**YOUR ASSIGNMENT**: Go through the entries below. Copy each line in which "ezdxf" appears.

━━━━━━━━

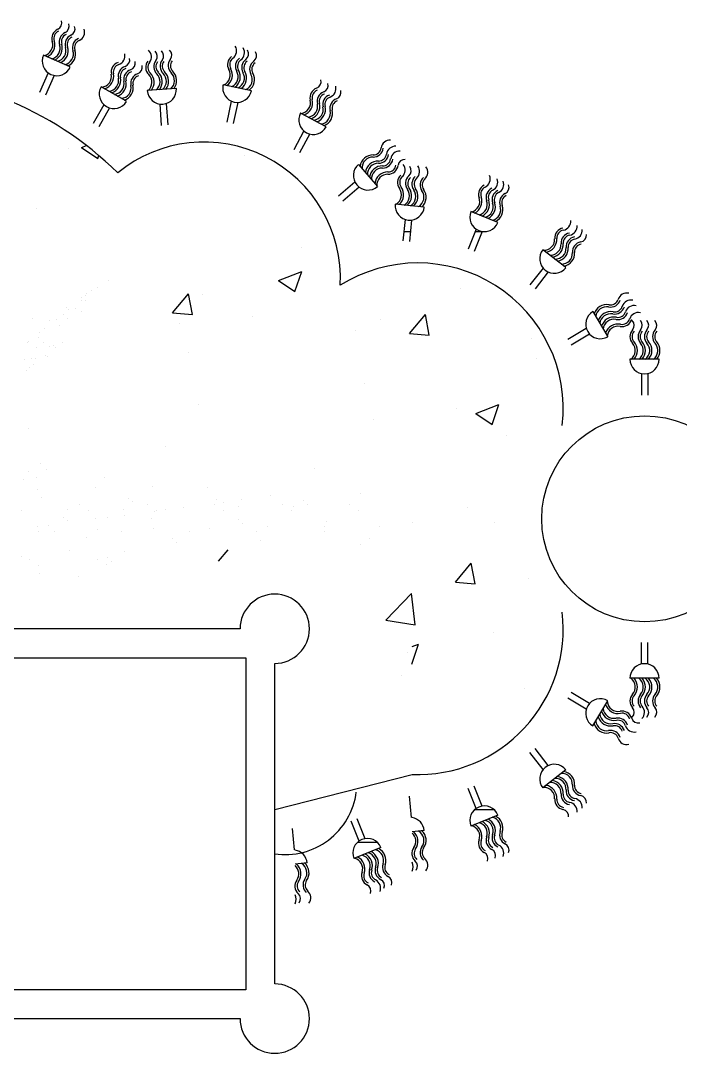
# Model space of a CAD drawing. Header units: inches. Extents: x 5.4 to 47.9, y 11.7 to 36.5.
# Drawn here: x 39.005 to 39.918, y 15.285 to 16.714 of the extents above; entities that cross this region are included whole.
import ezdxf

# ---------------------------------------------------------------- set-up
doc = ezdxf.new("R2010")
doc.units = ezdxf.units.IN
doc.header["$MEASUREMENT"] = 0
doc.layers.add('02', color=2, linetype='Continuous')

msp = doc.modelspace()

# ---------------------------------------------------------------- linework, layer by layer
at = {"layer": '02'}
for p, q in [((39.0736, 16.6501), (39.0367, 16.6665)), ((39.0432, 16.6421), (39.0311, 16.6149)), ((39.0515, 16.6385), (39.0393, 16.6112)), ((39.1515, 16.6026), (39.1166, 16.6228)), ((39.3248, 16.6171), (39.2853, 16.6255)), ((39.2207, 16.6203), (39.1805, 16.6175)), ((39.1205, 16.5978), (39.1056, 16.572)), ((39.1283, 16.5934), (39.1134, 16.5675)), ((39.1977, 16.5989), (39.1998, 16.5692)), ((39.2067, 16.5997), (39.2088, 16.5699)), ((39.2967, 16.603), (39.2906, 16.5738)), ((39.3056, 16.6012), (39.2994, 16.572)), ((39.4282, 16.5675), (39.3925, 16.5864)), ((39.3973, 16.5616), (39.3833, 16.5353)), ((39.4053, 16.5574), (39.3913, 16.5311)), ((39.0716, 16.5379), (39.0716, 16.5379)), ((39.0892, 16.5387), (39.0963, 16.5415)), ((39.0892, 16.5387), (39.112, 16.5234)), ((39.112, 16.5234), (39.1134, 16.5276)), ((39.3157, 16.5276), (39.3157, 16.5276)), ((39.4727, 16.5153), (39.499, 16.4847)), ((39.4679, 16.4908), (39.4453, 16.4713)), ((39.4737, 16.4839), (39.4512, 16.4645)), ((39.4121, 16.4662), (39.4121, 16.4662)), ((39.0271, 16.4547), (39.0271, 16.4547)), ((39.5639, 16.4561), (39.5237, 16.4603)), ((39.6658, 16.4349), (39.6283, 16.4501)), ((39.5375, 16.4391), (39.5343, 16.4095)), ((39.5464, 16.4382), (39.5433, 16.4085)), ((39.5357, 16.4225), (39.5448, 16.4225)), ((39.6357, 16.4258), (39.6245, 16.3982)), ((39.6441, 16.4226), (39.6329, 16.3949)), ((39.6344, 16.4225), (39.6499, 16.4225)), ((39.3939, 16.4007), (39.3939, 16.4007)), ((39.7598, 16.3724), (39.728, 16.3972)), ((39.3621, 16.3547), (39.3942, 16.3669)), ((39.3849, 16.3393), (39.3942, 16.3669)), ((39.7284, 16.3719), (39.7101, 16.3485)), ((39.7356, 16.3664), (39.7172, 16.3429)), ((39.1273, 16.355), (39.1273, 16.355)), ((39.3622, 16.3546), (39.3849, 16.3393)), ((39.4872, 16.3639), (39.4872, 16.3639)), ((39.0961, 16.3367), (39.0961, 16.3367)), ((39.1027, 16.3406), (39.1027, 16.3406)), ((39.1118, 16.3444), (39.1118, 16.3444)), ((39.2155, 16.3099), (39.2375, 16.3362)), ((39.2428, 16.3075), (39.2376, 16.3361)), ((39.6142, 16.3432), (39.6142, 16.3432)), ((39.0889, 16.3317), (39.0889, 16.3317)), ((39.0889, 16.3268), (39.0889, 16.3268)), ((39.0945, 16.3266), (39.0945, 16.3266)), ((39.095, 16.3335), (39.095, 16.3335)), ((39.2563, 16.3346), (39.2563, 16.3346)), ((39.0643, 16.308), (39.0643, 16.308)), ((39.0685, 16.3176), (39.0685, 16.3176)), ((39.072, 16.3144), (39.072, 16.3144)), ((39.0811, 16.3164), (39.0811, 16.3164)), ((39.0892, 16.3113), (39.0892, 16.3113)), ((39.2155, 16.3099), (39.2428, 16.3075)), ((39.5434, 16.2812), (39.5655, 16.3075)), ((39.5708, 16.2788), (39.5655, 16.3074)), ((39.7972, 16.3115), (39.8178, 16.2768)), ((39.0215, 16.3025), (39.0215, 16.3025)), ((39.0446, 16.2993), (39.0446, 16.2993)), ((39.0545, 16.3006), (39.0545, 16.3006)), ((39.0587, 16.2927), (39.0587, 16.2927)), ((39.07, 16.3026), (39.07, 16.3026)), ((39.2247, 16.2952), (39.2247, 16.2952)), ((39.3255, 16.3052), (39.3255, 16.3052)), ((39.5035, 16.3003), (39.5035, 16.3003)), ((39.0313, 16.2825), (39.0313, 16.2825)), ((39.0386, 16.2882), (39.0386, 16.2882)), ((39.4688, 16.2849), (39.4688, 16.2849)), ((39.5434, 16.2812), (39.5707, 16.2788)), ((39.7882, 16.2882), (39.7626, 16.2729)), ((39.7928, 16.2804), (39.7672, 16.2652)), ((39.0143, 16.2695), (39.0143, 16.2695)), ((39.0156, 16.2706), (39.0156, 16.2706)), ((39.0304, 16.2764), (39.0304, 16.2764)), ((39.0372, 16.2686), (39.0372, 16.2686)), ((39.0503, 16.2651), (39.0503, 16.2651)), ((39.0629, 16.2695), (39.0629, 16.2695)), ((39.7128, 16.2746), (39.7128, 16.2746)), ((39.027, 16.2614), (39.027, 16.2614)), ((39.0398, 16.2515), (39.0398, 16.2515)), ((39.0452, 16.2635), (39.0452, 16.2635)), ((39.0538, 16.2619), (39.0538, 16.2619)), ((39.2368, 16.2546), (39.2368, 16.2546)), ((39.0109, 16.2455), (39.0109, 16.2455)), ((39.0208, 16.2468), (39.0208, 16.2468)), ((39.0224, 16.2384), (39.0224, 16.2384)), ((39.0263, 16.2468), (39.0263, 16.2468)), ((39.0419, 16.2489), (39.0419, 16.2489)), ((39.7191, 16.246), (39.7191, 16.246)), ((39.889, 16.2456), (39.8486, 16.2456)), ((39.0131, 16.23), (39.0131, 16.23)), ((39.0168, 16.2339), (39.0168, 16.2339)), ((39.8645, 16.2259), (39.8645, 16.1961)), ((39.8735, 16.226), (39.8735, 16.1961)), ((39.4816, 16.2117), (39.4816, 16.2117)), ((39.2507, 16.1824), (39.2507, 16.1824)), ((39.6351, 16.1706), (39.6671, 16.1829)), ((39.6578, 16.1552), (39.6671, 16.1829)), ((39.6084, 16.1779), (39.6084, 16.1779)), ((39.6351, 16.1706), (39.6578, 16.1552)), ((39.016, 16.1503), (39.016, 16.1503)), ((39.4939, 16.1628), (39.4939, 16.1628)), ((39.6781, 16.1403), (39.6781, 16.1403)), ((39.2052, 16.1248), (39.2052, 16.1248)), ((39.032, 16.102), (39.032, 16.102)), ((39.0409, 16.0934), (39.0409, 16.0934)), ((39.4114, 16.0946), (39.4114, 16.0946)), ((39.0084, 16.0786), (39.0084, 16.0786)), ((39.0165, 16.0902), (39.0165, 16.0902)), ((39.0275, 16.082), (39.0275, 16.082)), ((39.121, 16.0821), (39.121, 16.0821)), ((39.0281, 16.065), (39.0281, 16.065)), ((39.1091, 16.0679), (39.1091, 16.0679)), ((39.1876, 16.0689), (39.1876, 16.0689)), ((39.2644, 16.0686), (39.2644, 16.0686)), ((39.0345, 16.0547), (39.0345, 16.0547)), ((39.1545, 16.0536), (39.1545, 16.0536)), ((39.2763, 16.051), (39.2763, 16.051)), ((39.3108, 16.0512), (39.3108, 16.0512)), ((39.3515, 16.0566), (39.3515, 16.0566)), ((39.3964, 16.0499), (39.3964, 16.0499)), ((39.4761, 16.0595), (39.4761, 16.0595)), ((39.0062, 16.0359), (39.0062, 16.0359)), ((39.0704, 16.0383), (39.0704, 16.0383)), ((39.087, 16.0441), (39.087, 16.0441)), ((39.0996, 16.036), (39.0996, 16.036)), ((39.1472, 16.0379), (39.1472, 16.0379)), ((39.1601, 16.0486), (39.1601, 16.0486)), ((39.1804, 16.0443), (39.1804, 16.0443)), ((39.1931, 16.0362), (39.1931, 16.0362)), ((39.2057, 16.0374), (39.2057, 16.0374)), ((39.23, 16.0406), (39.23, 16.0406)), ((39.2738, 16.0444), (39.2738, 16.0444)), ((39.2864, 16.048), (39.2864, 16.048)), ((39.2865, 16.0364), (39.2865, 16.0364)), ((39.3067, 16.0418), (39.3067, 16.0418)), ((39.3673, 16.0446), (39.3673, 16.0446)), ((39.3799, 16.0365), (39.3799, 16.0365)), ((39.3835, 16.0414), (39.3835, 16.0414)), ((39.4019, 16.0449), (39.4019, 16.0449)), ((39.4607, 16.0448), (39.4607, 16.0448)), ((39.4733, 16.0367), (39.4733, 16.0367)), ((39.6238, 16.0409), (39.6238, 16.0409)), ((39.0643, 16.0273), (39.0643, 16.0273)), ((39.0699, 16.0222), (39.0699, 16.0222)), ((39.1093, 16.0247), (39.1093, 16.0247)), ((39.1249, 16.0268), (39.1249, 16.0268)), ((39.1493, 16.03), (39.1493, 16.03)), ((39.1862, 16.0246), (39.1862, 16.0246)), ((39.19, 16.0353), (39.19, 16.0353)), ((39.3062, 16.0236), (39.3062, 16.0236)), ((39.0285, 16.0141), (39.0285, 16.0141)), ((39.03, 16.0072), (39.03, 16.0072)), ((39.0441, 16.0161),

━━━━━━━━

**WRITTEN ANSWER**:
import ezdxf
doc = ezdxf.new("R2010")
doc.units = ezdxf.units.IN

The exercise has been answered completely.